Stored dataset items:

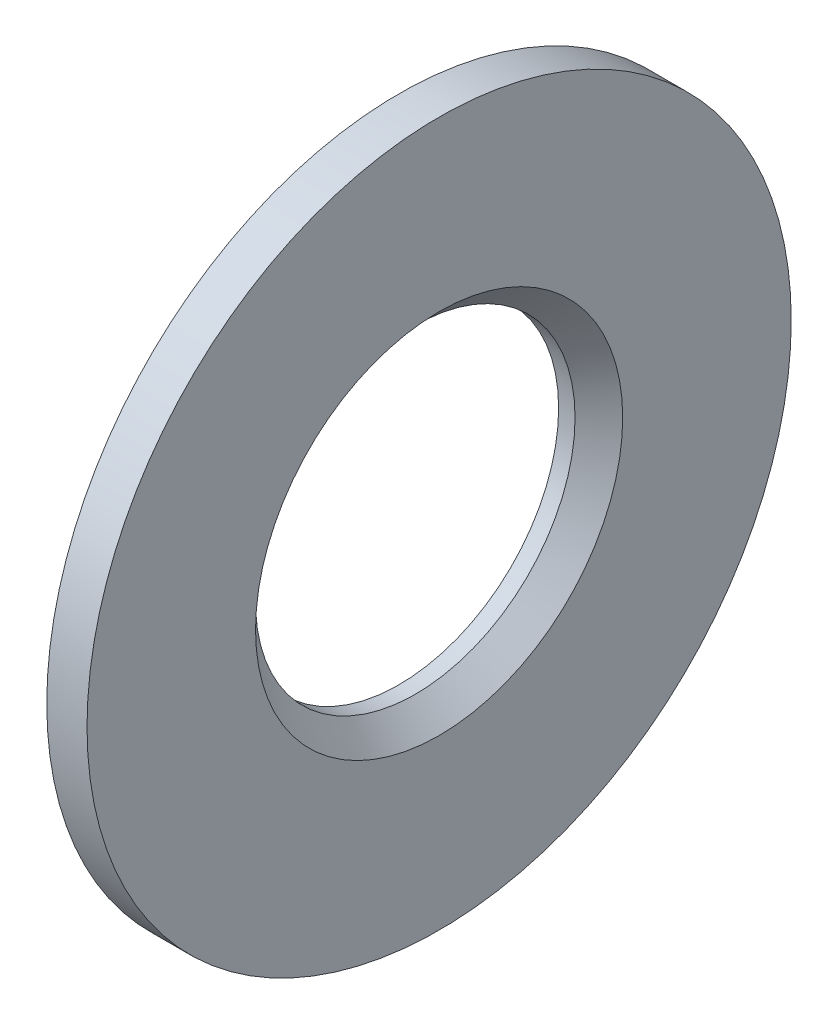
ISO-10303-21;
HEADER;
FILE_DESCRIPTION(('STEP AP214'),'2;1');
FILE_NAME('part.step','',(''),(''),'','','');
FILE_SCHEMA(('AUTOMOTIVE_DESIGN { 1 0 10303 214 1 1 1 1 }'));
ENDSEC;
DATA;
#1=APPLICATION_CONTEXT('core data for automotive mechanical design processes');
#2=APPLICATION_PROTOCOL_DEFINITION('international standard','automotive_design',2000,#1);
#3=PRODUCT_CONTEXT('',#1,'mechanical');
#4=PRODUCT('Part','Part','',(#3));
#5=PRODUCT_RELATED_PRODUCT_CATEGORY('part','',(#4));
#6=PRODUCT_DEFINITION_FORMATION('','',#4);
#7=PRODUCT_DEFINITION_CONTEXT('part definition',#1,'design');
#8=PRODUCT_DEFINITION('design','',#6,#7);
#9=PRODUCT_DEFINITION_SHAPE('','',#8);
#10=(LENGTH_UNIT() NAMED_UNIT(*) SI_UNIT(.MILLI.,.METRE.));
#11=(NAMED_UNIT(*) PLANE_ANGLE_UNIT() SI_UNIT($,.RADIAN.));
#12=(NAMED_UNIT(*) SI_UNIT($,.STERADIAN.) SOLID_ANGLE_UNIT());
#13=UNCERTAINTY_MEASURE_WITH_UNIT(LENGTH_MEASURE(1.E-05),#10,'distance_accuracy_value','');
#14=(GEOMETRIC_REPRESENTATION_CONTEXT(3) GLOBAL_UNCERTAINTY_ASSIGNED_CONTEXT((#13)) GLOBAL_UNIT_ASSIGNED_CONTEXT((#10,
#11,#12)) REPRESENTATION_CONTEXT('',''));
#15=CARTESIAN_POINT('',(0.,0.,0.));
#16=DIRECTION('',(0.,0.,1.));
#17=DIRECTION('',(1.,0.,0.));
#18=AXIS2_PLACEMENT_3D('',#15,#16,#17);
#19=CARTESIAN_POINT('',(1.27,0.,0.));
#20=DIRECTION('',(-1.,0.,0.));
#21=DIRECTION('',(0.,0.,1.));
#22=AXIS2_PLACEMENT_3D('',#19,#20,#21);
#23=CYLINDRICAL_SURFACE('',#22,11.1125);
#24=CARTESIAN_POINT('',(1.27,0.,0.));
#25=DIRECTION('',(1.,0.,0.));
#26=DIRECTION('',(0.,0.,-1.));
#27=AXIS2_PLACEMENT_3D('',#24,#25,#26);
#28=CIRCLE('',#27,11.1125);
#29=CARTESIAN_POINT('',(1.27,0.,-11.1125));
#30=VERTEX_POINT('',#29);
#31=EDGE_CURVE('E10',#30,#30,#28,.T.);
#32=ORIENTED_EDGE('',*,*,#31,.F.);
#33=EDGE_LOOP('',(#32));
#34=FACE_BOUND('',#33,.T.);
#35=CARTESIAN_POINT('',(0.,0.,0.));
#36=DIRECTION('',(1.,0.,0.));
#37=DIRECTION('',(0.,0.,-1.));
#38=AXIS2_PLACEMENT_3D('',#35,#36,#37);
#39=CIRCLE('',#38,11.1125);
#40=CARTESIAN_POINT('',(0.,0.,-11.1125));
#41=VERTEX_POINT('',#40);
#42=EDGE_CURVE('E34',#41,#41,#39,.T.);
#43=ORIENTED_EDGE('',*,*,#42,.T.);
#44=EDGE_LOOP('',(#43));
#45=FACE_BOUND('',#44,.T.);
#46=ADVANCED_FACE('F31',(#34,#45),#23,.T.);
#47=CARTESIAN_POINT('',(1.27,0.,0.));
#48=DIRECTION('',(1.,0.,0.));
#49=DIRECTION('',(0.,0.,-1.));
#50=AXIS2_PLACEMENT_3D('',#47,#48,#49);
#51=PLANE('',#50);
#52=CARTESIAN_POINT('',(1.27,0.,0.));
#53=DIRECTION('',(1.,0.,0.));
#54=DIRECTION('',(0.,0.,-1.));
#55=AXIS2_PLACEMENT_3D('',#52,#53,#54);
#56=CIRCLE('',#55,5.79374);
#57=CARTESIAN_POINT('',(1.27,0.,-5.79374));
#58=VERTEX_POINT('',#57);
#59=EDGE_CURVE('E48',#58,#58,#56,.T.);
#60=ORIENTED_EDGE('',*,*,#59,.F.);
#61=EDGE_LOOP('',(#60));
#62=FACE_BOUND('',#61,.T.);
#63=ORIENTED_EDGE('',*,*,#31,.T.);
#64=EDGE_LOOP('',(#63));
#65=FACE_BOUND('',#64,.T.);
#66=ADVANCED_FACE('F54',(#62,#65),#51,.T.);
#67=CARTESIAN_POINT('',(0.,0.,0.));
#68=DIRECTION('',(1.,0.,0.));
#69=DIRECTION('',(0.,0.,-1.));
#70=AXIS2_PLACEMENT_3D('',#67,#68,#69);
#71=PLANE('',#70);
#72=CARTESIAN_POINT('',(0.,0.,0.));
#73=DIRECTION('',(1.,0.,0.));
#74=DIRECTION('',(0.,0.,-1.));
#75=AXIS2_PLACEMENT_3D('',#72,#73,#74);
#76=CIRCLE('',#75,5.0419);
#77=CARTESIAN_POINT('',(0.,0.,-5.0419));
#78=VERTEX_POINT('',#77);
#79=EDGE_CURVE('E41',#78,#78,#76,.T.);
#80=ORIENTED_EDGE('',*,*,#79,.T.);
#81=EDGE_LOOP('',(#80));
#82=FACE_BOUND('',#81,.T.);
#83=ORIENTED_EDGE('',*,*,#42,.F.);
#84=EDGE_LOOP('',(#83));
#85=FACE_BOUND('',#84,.T.);
#86=ADVANCED_FACE('F56',(#82,#85),#71,.F.);
#87=CARTESIAN_POINT('',(1.27,0.,0.));
#88=DIRECTION('',(1.,0.,0.));
#89=DIRECTION('',(0.,0.,-1.));
#90=AXIS2_PLACEMENT_3D('',#87,#88,#89);
#91=CYLINDRICAL_SURFACE('',#90,5.0419);
#92=ORIENTED_EDGE('',*,*,#79,.F.);
#93=EDGE_LOOP('',(#92));
#94=FACE_BOUND('',#93,.T.);
#95=CARTESIAN_POINT('',(0.518160000000001,0.,0.));
#96=DIRECTION('',(1.,0.,0.));
#97=DIRECTION('',(0.,0.,-1.));
#98=AXIS2_PLACEMENT_3D('',#95,#96,#97);
#99=CIRCLE('',#98,5.0419);
#100=CARTESIAN_POINT('',(0.518160000000001,0.,-5.0419));
#101=VERTEX_POINT('',#100);
#102=EDGE_CURVE('E45',#101,#101,#99,.T.);
#103=ORIENTED_EDGE('',*,*,#102,.T.);
#104=EDGE_LOOP('',(#103));
#105=FACE_BOUND('',#104,.T.);
#106=ADVANCED_FACE('F62',(#94,#105),#91,.F.);
#107=CARTESIAN_POINT('',(1.27,0.,0.));
#108=DIRECTION('',(1.,0.,0.));
#109=DIRECTION('',(0.,0.,-1.));
#110=AXIS2_PLACEMENT_3D('',#107,#108,#109);
#111=CONICAL_SURFACE('',#110,5.79374,0.785398163397448);
#112=ORIENTED_EDGE('',*,*,#102,.F.);
#113=EDGE_LOOP('',(#112));
#114=FACE_BOUND('',#113,.T.);
#115=ORIENTED_EDGE('',*,*,#59,.T.);
#116=EDGE_LOOP('',(#115));
#117=FACE_BOUND('',#116,.T.);
#118=ADVANCED_FACE('F52',(#114,#117),#111,.F.);
#119=CLOSED_SHELL('',(#46,#66,#86,#106,#118));
#120=MANIFOLD_SOLID_BREP('B2',#119);
#121=ADVANCED_BREP_SHAPE_REPRESENTATION('',(#18,#120),#14);
#122=SHAPE_DEFINITION_REPRESENTATION(#9,#121);
ENDSEC;
END-ISO-10303-21;

■ **WHAT IS EXPECTED**
Return, unchanged, the run of lines above that opens with the line containing "#60=ORIENTED_EDGE('',*,*,#59,.F.);" and closes with the line containing "#68=DIRECTION('',(1.,0.,0.));". Include both.

■ **PROBLEM SOLUTION**
#60=ORIENTED_EDGE('',*,*,#59,.F.);
#61=EDGE_LOOP('',(#60));
#62=FACE_BOUND('',#61,.T.);
#63=ORIENTED_EDGE('',*,*,#31,.T.);
#64=EDGE_LOOP('',(#63));
#65=FACE_BOUND('',#64,.T.);
#66=ADVANCED_FACE('F54',(#62,#65),#51,.T.);
#67=CARTESIAN_POINT('',(0.,0.,0.));
#68=DIRECTION('',(1.,0.,0.));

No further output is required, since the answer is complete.